Mrs. S⸺, who called at the settlement a few days ago, reminded me that it was twenty-one years since our first meeting, and brought vividly before me a picture of which she was a part. She was the daughter of a learned rabbi, and her husband, himself a pious man, had great reverence for the traditions of her family. In their extremity they had taken bread from one of the newspaper charities, but it was evidently a painful humiliation, and before we arrived they had hidden the loaf in the ice-box. My visit was due to a desire to ascertain the condition of the families who had applied for this dole. Both house and people were scrupulously clean. It was amazing that under the biting pressure of want and anxiety such standards could be maintained. Yet, though passionately devoted to his family, the husband refused advantageous employment because it necessitated work on the Sabbath. This would have been to them a desecration of something more vital than life itself.

We found that winter, in other instances, that the fangs of the wolf were often decorously hidden. In one family of our acquaintance the father, a cigarmaker, left the house each morning in search of work, only to return at night hungrier and more exhausted by his fruitless exertions. One Sabbath eve I entered his tenement, to find the two rooms scrubbed and cleaned, and the mother and children prepared for the holy night. Over a brisk fire fed by bits of wood picked up by the children two covered pots were set, as if a supper were being prepared. But under the lids it was only water that bubbled. The proud mother could not bear to expose her poverty to the gossip of the neighbors, the humiliation being the greater because she was obliged to violate the sacred custom of preparing a ceremonious meal for the united family on Friday night.

If the formalism of our neighbors in religious matters was constantly brought to our attention, instances of their tolerance were also far from rare. A Jewish woman, exhausted by her long day’s scrubbing of office floors, walked many extra blocks to beg us to get a priest for her Roman Catholic neighbor whose child was dying. An orthodox Jewish father, who had been goaded to bitterness because his daughter had married an “Irisher” and thus “insulted his religion,” felt that the young husband and his mother were equally wronged. This man, when I called on a Sabbath evening, took one of the lights from the table to show the way down the five flights of dark tenement stairs, and to my protest,—knowing, as I did, that he considered it a sin to handle fire on the Sabbath,—he said: “It is no sin for me to handle a light on the Sabbath to show respect to a friend who has helped to keep a family together.”

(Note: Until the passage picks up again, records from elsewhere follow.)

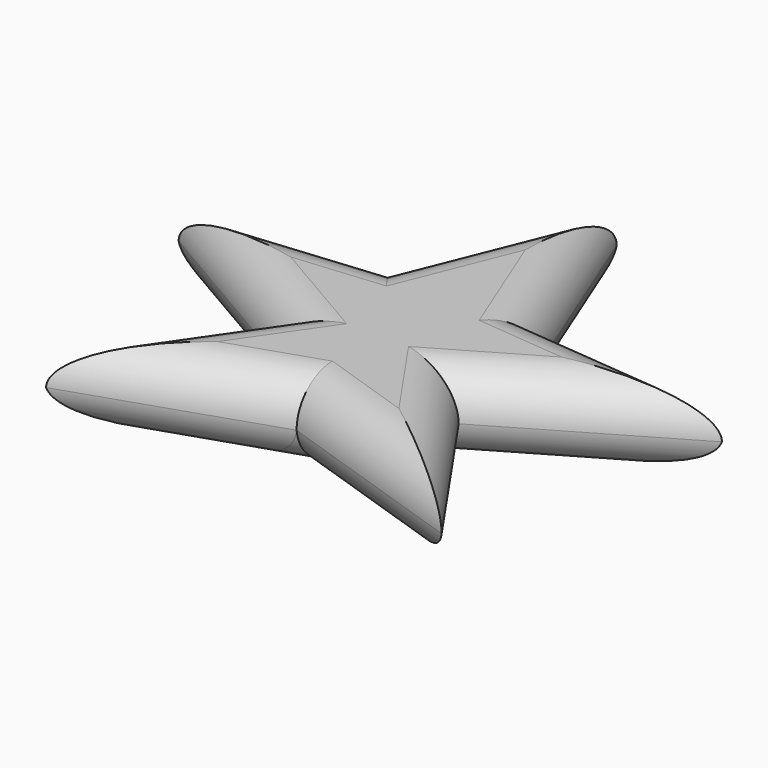
from build123d import *

# Parameters (mm, degrees)
F1_DEPTH      = 9.652
F2_R          = 5.08
F3_T4_DEPTH   = 48.7182027165
F3_T9_DEPTH   = 49.6907337444
F3_T14_DEPTH  = 49.6907337444
F3_T19_DEPTH  = 48.7182027165
F3_T24_DEPTH  = 50.0877618637
F3_T29_DEPTH  = 47.5225066811
F3_T34_DEPTH  = 50.1646809025
F3_T39_DEPTH  = 50.1646809025
F3_T44_DEPTH  = 47.5225066811
F3_T49_DEPTH  = 50.0877618637
F3_T55_DEPTH  = 49.6907337444
F3_T59_DEPTH  = 48.7182027165
F3_T66_DEPTH  = 49.6907337444
F3_T70_DEPTH  = 48.7182027165
F3_T77_DEPTH  = 50.0877618637
F3_T81_DEPTH  = 47.5225066811
F3_T88_DEPTH  = 50.1646809025
F3_T92_DEPTH  = 50.1646809025
F3_T99_DEPTH  = 47.5225066811
F3_T103_DEPTH = 50.0877618637


# Not quite as in the source:
# - a fillet or chamfer that OpenCascade refuses, or shapes differently, is made with other operations: its cross-section is extruded or revolved along the edge and cut away or added


with BuildPart() as f1:
    # F0 (on Top) → F1 (new body)
    with BuildSketch(Plane.XY):
        Polygon((9.0920295568, 17.9841070124), (0, 40.6463289496), (-9.0920295568, 17.9841070124), (-32.4367642404, 15.8125049123), (-10.9921818601, 3.3257867829), (-23.6146248879, -14.9971136204), (0, -7.1255727671), (23.6146248879, -14.9971136204), (10.9921818601, 3.3257867829), (32.4367642404, 15.8125049123), align=None)
    extrude(amount=F1_DEPTH)

    # F2
    f2_edges = [f1.edges().sort_by_distance(p)[0] for p in [
        (21.714473, 9.569146, 9.652),
        (17.303403, -5.835663, 9.652),
        (11.807312, -11.061343, 9.652),
        (-11.807312, -11.061343, 9.652),
        (-17.303403, -5.835663, 9.652),
        (-21.714473, 9.569146, 9.652),
        (-4.546015, 29.315218, 9.652),
        (4.546015, 29.315218, 9.652),
        (20.764397, 16.898306, 9.652),
        (-20.764397, 16.898306, 9.652),
    ]]
    fillet(f2_edges, radius=F2_R)

    # F3: fillet of radius 5.08 on 10 edges, made by hand


with BuildPart() as f3_tool2:
    # F3_s3 → F3_t4 (new body)
    with BuildSketch(Plane(origin=(43.2821955638, -4.026248662, 0), x_dir=(0, 0, 1), z_dir=(-0.9957012204, 0.0926233213, 0))):
        with BuildLine():
            ThreePointArc((4.572, 18.7489312754), (1.3125711686, 17.1021626927), (0, 13.6943950949))
            Line((0, 13.6943950949), (-0.1016, 13.6943950949))
            Line((-0.1016, 13.6943950949), (-0.1016, 18.7489312754))
            Line((-0.1016, 18.7489312754), (0, 18.8505312754))
            ThreePointArc((0, 18.8505312754), (2.286, 18.8505312754), (4.56184, 18.8500219991))
            Line((4.56184, 18.8500219991), (4.572, 18.7489312754))
        make_face()
    extrude(amount=F3_T4_DEPTH)

    split(bisect_by=Plane(origin=(14.046321235, 5.6353506813, 0), x_dir=(0, 0, 1), z_dir=(0.928092919, 0.3723486723, 0)), keep=Keep.TOP)


with BuildPart() as f1_1:
    add(f1.part)

    # F3_t1: cut F3_tool2
    add(f3_tool2.part, mode=Mode.SUBTRACT)


with BuildPart() as f3_tool7:
    # F3_s8 → F3_t9 (new body)
    with BuildSketch(Plane(origin=(-0.2491670879, 0.6210582369, 0), x_dir=(0, 0, 1), z_dir=(-0.3723486723, 0.928092919, 0))):
        with BuildLine():
            ThreePointArc((4.572, 15.1346066199), (1.3125711686, 13.4878380371), (0, 10.0800704394))
            Line((0, 10.0800704394), (-0.1016, 10.0800704394))
            Line((-0.1016, 10.0800704394), (-0.1016, 15.1346066199))
            Line((-0.1016, 15.1346066199), (0, 15.2362066199))
            ThreePointArc((0, 15.2362066199), (2.286, 15.2362066199), (4.56184, 15.2356973435))
            Line((4.56184, 15.2356973435), (4.572, 15.1346066199))
        make_face()
    extrude(amount=F3_T9_DEPTH)

    split(bisect_by=Plane(origin=(1.7365882856, 18.6683337526, 0), x_dir=(0, 0, 1), z_dir=(0.0926233213, 0.9957012204, 0)), keep=Keep.TOP)


with BuildPart() as f1_2:
    add(f1_1.part)

    # F3_t6: cut F3_tool7
    add(f3_tool7.part, mode=Mode.SUBTRACT)


with BuildPart() as f3_tool12:
    # F3_s13 → F3_t14 (new body)
    with BuildSketch(Plane(origin=(18.7514458253, 46.7386763625, 0), x_dir=(0, 0, 1), z_dir=(-0.3723486723, -0.928092919, 0))):
        with BuildLine():
            ThreePointArc((0, 10.0800704394), (1.3125711686, 13.4878380371), (4.572, 15.1346066199))
            Line((4.572, 15.1346066199), (4.56184, 15.2356973435))
            ThreePointArc((4.56184, 15.2356973435), (2.286, 15.2362066199), (0, 15.2362066199))
            Line((0, 15.2362066199), (-0.1016, 15.1346066199))
            Line((-0.1016, 15.1346066199), (-0.1016, 10.0800704394))
            Line((-0.1016, 10.0800704394), (0, 10.0800704394))
        make_face()
    extrude(amount=F3_T14_DEPTH)

    split(bisect_by=Plane(origin=(-1.7365882856, 18.6683337526, 0), x_dir=(0, 0, 1), z_dir=(-0.0926233213, 0.9957012204, 0)), keep=Keep.TOP)


with BuildPart() as f1_3:
    add(f1_2.part)

    # F3_t11: cut F3_tool12
    add(f3_tool12.part, mode=Mode.SUBTRACT)


with BuildPart() as f3_tool17:
    # F3_s18 → F3_t19 (new body)
    with BuildSketch(Plane(origin=(5.2265783378, 0.4861930816, 0), x_dir=(0, 0, 1), z_dir=(-0.9957012204, -0.0926233213, 0))):
        with BuildLine():
            ThreePointArc((0, 13.6943950949), (1.3125711686, 17.1021626927), (4.572, 18.7489312754))
            Line((4.572, 18.7489312754), (4.56184, 18.8500219991))
            ThreePointArc((4.56184, 18.8500219991), (2.286, 18.8505312754), (0, 18.8505312754))
            Line((0, 18.8505312754), (-0.1016, 18.7489312754))
            Line((-0.1016, 18.7489312754), (-0.1016, 13.6943950949))
            Line((-0.1016, 13.6943950949), (0, 13.6943950949))
        make_face()
    extrude(amount=F3_T19_DEPTH)

    split(bisect_by=Plane(origin=(-14.046321235, 5.6353506813, 0), x_dir=(0, 0, 1), z_dir=(-0.928092919, 0.3723486723, 0)), keep=Keep.TOP)


with BuildPart() as f1_4:
    add(f1_3.part)

    # F3_t16: cut F3_tool17
    add(f3_tool17.part, mode=Mode.SUBTRACT)


with BuildPart() as f3_tool22:
    # F3_s23 → F3_t24 (new body)
    with BuildSketch(Plane(origin=(-42.019750379, 24.4671950025, 0), x_dir=(0, 0, 1), z_dir=(0.8641753945, -0.5031907068, 0))):
        with BuildLine():
            ThreePointArc((0, -2.3974355258), (1.3125711686, 1.0103320719), (4.572, 2.6571006547))
            Line((4.572, 2.6571006547), (4.56184, 2.7581913783))
            ThreePointArc((4.56184, 2.7581913783), (2.286, 2.7587006547), (0, 2.7587006547))
            Line((0, 2.7587006547), (-0.1016, 2.6571006547))
            Line((-0.1016, 2.6571006547), (-0.1016, -2.3974355258))
            Line((-0.1016, -2.3974355258), (0, -2.3974355258))
        make_face()
    extrude(amount=F3_T24_DEPTH)

    split(bisect_by=Plane(origin=(-9.0082519421, 6.2056849307, 0), x_dir=(0, 0, 1), z_dir=(-0.8235075899, 0.5673052523, 0)), keep=Keep.TOP)


with BuildPart() as f1_5:
    add(f1_4.part)

    # F3_t21: cut F3_tool22
    add(f3_tool22.part, mode=Mode.SUBTRACT)


with BuildPart() as f3_tool27:
    # F3_s28 → F3_t29 (new body)
    with BuildSketch(Plane(origin=(5.1847323903, 7.5262241228, 0), x_dir=(0, 0, 1), z_dir=(-0.5673052523, -0.8235075899, 0))):
        with BuildLine():
            ThreePointArc((0, 5.8843453213), (1.3125711686, 9.292112919), (4.572, 10.9388815018))
            Line((4.572, 10.9388815018), (4.56184, 11.0399722254))
            ThreePointArc((4.56184, 11.0399722254), (2.286, 11.0404815018), (0, 11.0404815018))
            Line((0, 11.0404815018), (-0.1016, 10.9388815018))
            Line((-0.1016, 10.9388815018), (-0.1016, 5.8843453213))
            Line((-0.1016, 5.8843453213), (0, 5.8843453213))
        make_face()
    extrude(amount=F3_T29_DEPTH)

    split(bisect_by=Plane(origin=(-1.3370283566, -2.2962010066, 0), x_dir=(0, 0, 1), z_dir=(-0.5031907068, -0.8641753945, 0)), keep=Keep.TOP)


with BuildPart() as f1_6:
    add(f1_5.part)

    # F3_t26: cut F3_tool27
    add(f3_tool27.part, mode=Mode.SUBTRACT)


with BuildPart() as f3_tool32:
    # F3_s33 → F3_t34 (new body)
    with BuildSketch(Plane(origin=(-37.7401818022, -12.5800593605, 0), x_dir=(0, 0, 1), z_dir=(0.9486833074, 0.316227738, 0))):
        with BuildLine():
            ThreePointArc((0, 1.7053757593), (1.3125711686, 5.1131433571), (4.572, 6.7599119398))
            Line((4.572, 6.7599119398), (4.56184, 6.8610026635))
            ThreePointArc((4.56184, 6.8610026635), (2.286, 6.8615119398), (0, 6.8615119398))
            Line((0, 6.8615119398), (-0.1016, 6.7599119398))
            Line((-0.1016, 6.7599119398), (-0.1016, 1.7053757593))
            Line((-0.1016, 1.7053757593), (0, 1.7053757593))
        make_face()
    extrude(amount=F3_T34_DEPTH)

    split(bisect_by=Plane(origin=(-2.1376716615, -6.4130156168, 0), x_dir=(0, 0, 1), z_dir=(-0.316227738, -0.9486833074, 0)), keep=Keep.TOP)


with BuildPart() as f1_7:
    add(f1_6.part)

    # F3_t31: cut F3_tool32
    add(f3_tool32.part, mode=Mode.SUBTRACT)


with BuildPart() as f3_tool37:
    # F3_s38 → F3_t39 (new body)
    with BuildSketch(Plane(origin=(-9.8502135912, 3.2834042067, 0), x_dir=(0, 0, 1), z_dir=(0.9486833074, -0.316227738, 0))):
        with BuildLine():
            ThreePointArc((0, 1.7053757593), (1.3125711686, 5.1131433571), (4.572, 6.7599119398))
            Line((4.572, 6.7599119398), (4.56184, 6.8610026635))
            ThreePointArc((4.56184, 6.8610026635), (2.286, 6.8615119398), (0, 6.8615119398))
            Line((0, 6.8615119398), (-0.1016, 6.7599119398))
            Line((-0.1016, 6.7599119398), (-0.1016, 1.7053757593))
            Line((-0.1016, 1.7053757593), (0, 1.7053757593))
        make_face()
    extrude(amount=F3_T39_DEPTH)

    split(bisect_by=Plane(origin=(2.1376716615, -6.4130156168, 0), x_dir=(0, 0, 1), z_dir=(0.316227738, -0.9486833074, 0)), keep=Keep.TOP)


with BuildPart() as f1_8:
    add(f1_7.part)

    # F3_t36: cut F3_tool37
    add(f3_tool37.part, mode=Mode.SUBTRACT)


with BuildPart() as f3_tool42:
    # F3_s43 → F3_t44 (new body)
    with BuildSketch(Plane(origin=(21.7750352542, -31.6089208215, 0), x_dir=(0, 0, 1), z_dir=(-0.5673052523, 0.8235075899, 0))):
        with BuildLine():
            ThreePointArc((0, 5.8843453213), (1.3125711686, 9.292112919), (4.572, 10.9388815018))
            Line((4.572, 10.9388815018), (4.56184, 11.0399722254))
            ThreePointArc((4.56184, 11.0399722254), (2.286, 11.0404815018), (0, 11.0404815018))
            Line((0, 11.0404815018), (-0.1016, 10.9388815018))
            Line((-0.1016, 10.9388815018), (-0.1016, 5.8843453213))
            Line((-0.1016, 5.8843453213), (0, 5.8843453213))
        make_face()
    extrude(amount=F3_T44_DEPTH)

    split(bisect_by=Plane(origin=(1.3370283566, -2.2962010066, 0), x_dir=(0, 0, 1), z_dir=(0.5031907068, -0.8641753945, 0)), keep=Keep.TOP)


with BuildPart() as f1_9:
    add(f1_8.part)

    # F3_t41: cut F3_tool42
    add(f3_tool42.part, mode=Mode.SUBTRACT)


with BuildPart() as f3_tool47:
    # F3_s48 → F3_t49 (new body)
    with BuildSketch(Plane(origin=(-1.2648609916, -0.7365012941, 0), x_dir=(0, 0, 1), z_dir=(0.8641753945, 0.5031907068, 0))):
        with BuildLine():
            ThreePointArc((0, -2.3974355258), (1.3125711686, 1.0103320719), (4.572, 2.6571006547))
            Line((4.572, 2.6571006547), (4.56184, 2.7581913783))
            ThreePointArc((4.56184, 2.7581913783), (2.286, 2.7587006547), (0, 2.7587006547))
            Line((0, 2.7587006547), (-0.1016, 2.6571006547))
            Line((-0.1016, 2.6571006547), (-0.1016, -2.3974355258))
            Line((-0.1016, -2.3974355258), (0, -2.3974355258))
        make_face()
    extrude(amount=F3_T49_DEPTH)

    split(bisect_by=Plane(origin=(9.0082519421, 6.2056849307, 0), x_dir=(0, 0, 1), z_dir=(0.8235075899, 0.5673052523, 0)), keep=Keep.TOP)


with BuildPart() as f1_10:
    add(f1_9.part)

    # F3_t46: cut F3_tool47
    add(f3_tool47.part, mode=Mode.SUBTRACT)


with BuildPart() as f3_tool53:
    # F3_s54 → F3_t55 (new body)
    with BuildSketch(Plane(origin=(-0.2491670879, 0.6210582369, 0), x_dir=(0, 0, 1), z_dir=(-0.3723486723, 0.928092919, 0))):
        with BuildLine():
            ThreePointArc((4.572, 15.1346066199), (1.3125711686, 13.4878380371), (0, 10.0800704394))
            Line((0, 10.0800704394), (-0.1016, 10.0800704394))
            Line((-0.1016, 10.0800704394), (-0.1016, 15.1346066199))
            Line((-0.1016, 15.1346066199), (0, 15.2362066199))
            ThreePointArc((0, 15.2362066199), (2.286, 15.2362066199), (4.56184, 15.2356973435))
            Line((4.56184, 15.2356973435), (4.572, 15.1346066199))
        make_face()
    extrude(amount=F3_T55_DEPTH)

    split(bisect_by=Plane(origin=(1.7365882856, 18.6683337526, 0), x_dir=(0, 0, 1), z_dir=(-0.0926233213, -0.9957012204, 0)), keep=Keep.TOP)


with BuildPart() as f3_tool57:
    # F3_s58 → F3_t59 (new body)
    with BuildSketch(Plane(origin=(43.2821955638, -4.026248662, 0), x_dir=(0, 0, 1), z_dir=(-0.9957012204, 0.0926233213, 0))):
        with BuildLine():
            ThreePointArc((4.572, 18.7489312754), (1.3125711686, 17.1021626927), (0, 13.6943950949))
            Line((0, 13.6943950949), (-0.1016, 13.6943950949))
            Line((-0.1016, 13.6943950949), (-0.1016, 18.7489312754))
            Line((-0.1016, 18.7489312754), (0, 18.8505312754))
            ThreePointArc((0, 18.8505312754), (2.286, 18.8505312754), (4.56184, 18.8500219991))
            Line((4.56184, 18.8500219991), (4.572, 18.7489312754))
        make_face()
    extrude(amount=F3_T59_DEPTH)

    split(bisect_by=Plane(origin=(14.046321235, 5.6353506813, 0), x_dir=(0, 0, 1), z_dir=(-0.928092919, -0.3723486723, 0)), keep=Keep.TOP)


with BuildPart() as f3_tool53_1:
    add(f3_tool53.part)

    # F3_t61: intersect F3_tool57
    add(f3_tool57.part, mode=Mode.INTERSECT)


with BuildPart() as f1_11:
    add(f1_10.part)

    # F3_t51: cut F3_tool53
    add(f3_tool53_1.part, mode=Mode.SUBTRACT)


with BuildPart() as f3_tool64:
    # F3_s65 → F3_t66 (new body)
    with BuildSketch(Plane(origin=(18.7514458253, 46.7386763625, 0), x_dir=(0, 0, 1), z_dir=(-0.3723486723, -0.928092919, 0))):
        with BuildLine():
            ThreePointArc((0, 10.0800704394), (1.3125711686, 13.4878380371), (4.572, 15.1346066199))
            Line((4.572, 15.1346066199), (4.56184, 15.2356973435))
            ThreePointArc((4.56184, 15.2356973435), (2.286, 15.2362066199), (0, 15.2362066199))
            Line((0, 15.2362066199), (-0.1016, 15.1346066199))
            Line((-0.1016, 15.1346066199), (-0.1016, 10.0800704394))
            Line((-0.1016, 10.0800704394), (0, 10.0800704394))
        make_face()
    extrude(amount=F3_T66_DEPTH)

    split(bisect_by=Plane(origin=(-1.7365882856, 18.6683337526, 0), x_dir=(0, 0, 1), z_dir=(0.0926233213, -0.9957012204, 0)), keep=Keep.TOP)


with BuildPart() as f3_tool68:
    # F3_s69 → F3_t70 (new body)
    with BuildSketch(Plane(origin=(5.2265783378, 0.4861930816, 0), x_dir=(0, 0, 1), z_dir=(-0.9957012204, -0.0926233213, 0))):
        with BuildLine():
            ThreePointArc((0, 13.6943950949), (1.3125711686, 17.1021626927), (4.572, 18.7489312754))
            Line((4.572, 18.7489312754), (4.56184, 18.8500219991))
            ThreePointArc((4.56184, 18.8500219991), (2.286, 18.8505312754), (0, 18.8505312754))
            Line((0, 18.8505312754), (-0.1016, 18.7489312754))
            Line((-0.1016, 18.7489312754), (-0.1016, 13.6943950949))
            Line((-0.1016, 13.6943950949), (0, 13.6943950949))
        make_face()
    extrude(amount=F3_T70_DEPTH)

    split(bisect_by=Plane(origin=(-14.046321235, 5.6353506813, 0), x_dir=(0, 0, 1), z_dir=(0.928092919, -0.3723486723, 0)), keep=Keep.TOP)


with BuildPart() as f3_tool64_1:
    add(f3_tool64.part)

    # F3_t72: intersect F3_tool68
    add(f3_tool68.part, mode=Mode.INTERSECT)


with BuildPart() as f1_12:
    add(f1_11.part)

    # F3_t62: cut F3_tool64
    add(f3_tool64_1.part, mode=Mode.SUBTRACT)


with BuildPart() as f3_tool75:
    # F3_s76 → F3_t77 (new body)
    with BuildSketch(Plane(origin=(-42.019750379, 24.4671950025, 0), x_dir=(0, 0, 1), z_dir=(0.8641753945, -0.5031907068, 0))):
        with BuildLine():
            ThreePointArc((0, -2.3974355258), (1.3125711686, 1.0103320719), (4.572, 2.6571006547))
            Line((4.572, 2.6571006547), (4.56184, 2.7581913783))
            ThreePointArc((4.56184, 2.7581913783), (2.286, 2.7587006547), (0, 2.7587006547))
            Line((0, 2.7587006547), (-0.1016, 2.6571006547))
            Line((-0.1016, 2.6571006547), (-0.1016, -2.3974355258))
            Line((-0.1016, -2.3974355258), (0, -2.3974355258))
        make_face()
    extrude(amount=F3_T77_DEPTH)

    split(bisect_by=Plane(origin=(-9.0082519421, 6.2056849307, 0), x_dir=(0, 0, 1), z_dir=(0.8235075899, -0.5673052523, 0)), keep=Keep.TOP)


with BuildPart() as f3_tool79:
    # F3_s80 → F3_t81 (new body)
    with BuildSketch(Plane(origin=(5.1847323903, 7.5262241228, 0), x_dir=(0, 0, 1), z_dir=(-0.5673052523, -0.8235075899, 0))):
        with BuildLine():
            ThreePointArc((0, 5.8843453213), (1.3125711686, 9.292112919), (4.572, 10.9388815018))
            Line((4.572, 10.9388815018), (4.56184, 11.0399722254))
            ThreePointArc((4.56184, 11.0399722254), (2.286, 11.0404815018), (0, 11.0404815018))
            Line((0, 11.0404815018), (-0.1016, 10.9388815018))
            Line((-0.1016, 10.9388815018), (-0.1016, 5.8843453213))
            Line((-0.1016, 5.8843453213), (0, 5.8843453213))
        make_face()
    extrude(amount=F3_T81_DEPTH)

    split(bisect_by=Plane(origin=(-1.3370283566, -2.2962010066, 0), x_dir=(0, 0, 1), z_dir=(0.5031907068, 0.8641753945, 0)), keep=Keep.TOP)


with BuildPart() as f3_tool75_1:
    add(f3_tool75.part)

    # F3_t83: intersect F3_tool79
    add(f3_tool79.part, mode=Mode.INTERSECT)


with BuildPart() as f1_13:
    add(f1_12.part)

    # F3_t73: cut F3_tool75
    add(f3_tool75_1.part, mode=Mode.SUBTRACT)


with BuildPart() as f3_tool86:
    # F3_s87 → F3_t88 (new body)
    with BuildSketch(Plane(origin=(-37.7401818022, -12.5800593605, 0), x_dir=(0, 0, 1), z_dir=(0.9486833074, 0.316227738, 0))):
        with BuildLine():
            ThreePointArc((0, 1.7053757593), (1.3125711686, 5.1131433571), (4.572, 6.7599119398))
            Line((4.572, 6.7599119398), (4.56184, 6.8610026635))
            ThreePointArc((4.56184, 6.8610026635), (2.286, 6.8615119398), (0, 6.8615119398))
            Line((0, 6.8615119398), (-0.1016, 6.7599119398))
            Line((-0.1016, 6.7599119398), (-0.1016, 1.7053757593))
            Line((-0.1016, 1.7053757593), (0, 1.7053757593))
        make_face()
    extrude(amount=F3_T88_DEPTH)

    split(bisect_by=Plane(origin=(-2.1376716615, -6.4130156168, 0), x_dir=(0, 0, 1), z_dir=(0.316227738, 0.9486833074, 0)), keep=Keep.TOP)


with BuildPart() as f3_tool90:
    # F3_s91 → F3_t92 (new body)
    with BuildSketch(Plane(origin=(-9.8502135912, 3.2834042067, 0), x_dir=(0, 0, 1), z_dir=(0.9486833074, -0.316227738, 0))):
        with BuildLine():
            ThreePointArc((0, 1.7053757593), (1.3125711686, 5.1131433571), (4.572, 6.7599119398))
            Line((4.572, 6.7599119398), (4.56184, 6.8610026635))
            ThreePointArc((4.56184, 6.8610026635), (2.286, 6.8615119398), (0, 6.8615119398))
            Line((0, 6.8615119398), (-0.1016, 6.7599119398))
            Line((-0.1016, 6.7599119398), (-0.1016, 1.7053757593))
            Line((-0.1016, 1.7053757593), (0, 1.7053757593))
        make_face()
    extrude(amount=F3_T92_DEPTH)

    split(bisect_by=Plane(origin=(2.1376716615, -6.4130156168, 0), x_dir=(0, 0, 1), z_dir=(-0.316227738, 0.9486833074, 0)), keep=Keep.TOP)


with BuildPart() as f3_tool86_1:
    add(f3_tool86.part)

    # F3_t94: intersect F3_tool90
    add(f3_tool90.part, mode=Mode.INTERSECT)


with BuildPart() as f1_14:
    add(f1_13.part)

    # F3_t84: cut F3_tool86
    add(f3_tool86_1.part, mode=Mode.SUBTRACT)


with BuildPart() as f3_tool97:
    # F3_s98 → F3_t99 (new body)
    with BuildSketch(Plane(origin=(21.7750352542, -31.6089208215, 0), x_dir=(0, 0, 1), z_dir=(-0.5673052523, 0.8235075899, 0))):
        with BuildLine():
            ThreePointArc((0, 5.8843453213), (1.3125711686, 9.292112919), (4.572, 10.9388815018))
            Line((4.572, 10.9388815018), (4.56184, 11.0399722254))
            ThreePointArc((4.56184, 11.0399722254), (2.286, 11.0404815018), (0, 11.0404815018))
            Line((0, 11.0404815018), (-0.1016, 10.9388815018))
            Line((-0.1016, 10.9388815018), (-0.1016, 5.8843453213))
            Line((-0.1016, 5.8843453213), (0, 5.8843453213))
        make_face()
    extrude(amount=F3_T99_DEPTH)

    split(bisect_by=Plane(origin=(1.3370283566, -2.2962010066, 0), x_dir=(0, 0, 1), z_dir=(-0.5031907068, 0.8641753945, 0)), keep=Keep.TOP)


with BuildPart() as f3_tool101:
    # F3_s102 → F3_t103 (new body)
    with BuildSketch(Plane(origin=(-1.2648609916, -0.7365012941, 0), x_dir=(0, 0, 1), z_dir=(0.8641753945, 0.5031907068, 0))):
        with BuildLine():
            ThreePointArc((0, -2.3974355258), (1.3125711686, 1.0103320719), (4.572, 2.6571006547))
            Line((4.572, 2.6571006547), (4.56184, 2.7581913783))
            ThreePointArc((4.56184, 2.7581913783), (2.286, 2.7587006547), (0, 2.7587006547))
            Line((0, 2.7587006547), (-0.1016, 2.6571006547))
            Line((-0.1016, 2.6571006547), (-0.1016, -2.3974355258))
            Line((-0.1016, -2.3974355258), (0, -2.3974355258))
        make_face()
    extrude(amount=F3_T103_DEPTH)

    split(bisect_by=Plane(origin=(9.0082519421, 6.2056849307, 0), x_dir=(0, 0, 1), z_dir=(-0.8235075899, -0.5673052523, 0)), keep=Keep.TOP)


with BuildPart() as f3_tool97_1:
    add(f3_tool97.part)

    # F3_t105: intersect F3_tool101
    add(f3_tool101.part, mode=Mode.INTERSECT)


with BuildPart() as f1_15:
    add(f1_14.part)

    # F3_t95: cut F3_tool97
    add(f3_tool97_1.part, mode=Mode.SUBTRACT)


solid = f1_15.part

With Prayer-shawl and Phylactery

There was the story of Mary, eldest daughter, as we supposed, of an orthodox family. When we went to her engagement party we were surprised to see that the young man was not of the family faith. The mother told us that Mary, “such a pretty baby,” had been left on their doorstep in earlier and more prosperous days in Austria. “The Burgomeister had made proclamation,” but no one came to claim her, and the husband and wife, who as yet had no children of their own, decided to keep her. “God rewarded us and answered our prayers,” said Mrs. L⸺, for many children came afterward; but Mary, blonde and blue-eyed, was always the most cherished, the first-comer who had brought the others. When she was quite a young girl she was taken ill—a cold following exposure after her first “grown-up” party, for which her foster-mother had dressed her with pride. It seemed that nothing could save her, and the foster-mother in her distress thought with pity of the woman who had borne this sweet child. Surely she must be dead. No living mother could have abandoned so lovely a baby. And if she were dead and in the Christian heaven, she would look in vain there for her daughter. “So I called the priest and told him,” said Mrs. L⸺, “and he made a prayer over Mary, and said, ‘Now she is a Krist.’ The doctor, we called him too, and he said to get a goat, for the milk would be good for Mary; and she get well, but no so strong, as you see, and that is why she don’t go out to work like her brothers and sisters. We lose our money, that’s why we come to America, and Mary, now she marry a Krist.”

Gradually there came to our knowledge difficulties and conflicts not peculiar to any one set of people, but intensified in the case of our neighbors by poverty, unfamiliarity with laws and customs, the lack of privacy, and the frequent dependence of the elders upon the children. Workers in philanthropy, clergymen, orthodox rabbis, the unemployed, anxious parents, girls in distress, troublesome boys, came as individuals to see us, but no formal organization of our work was effected till we moved into the house on Henry Street, in 1895.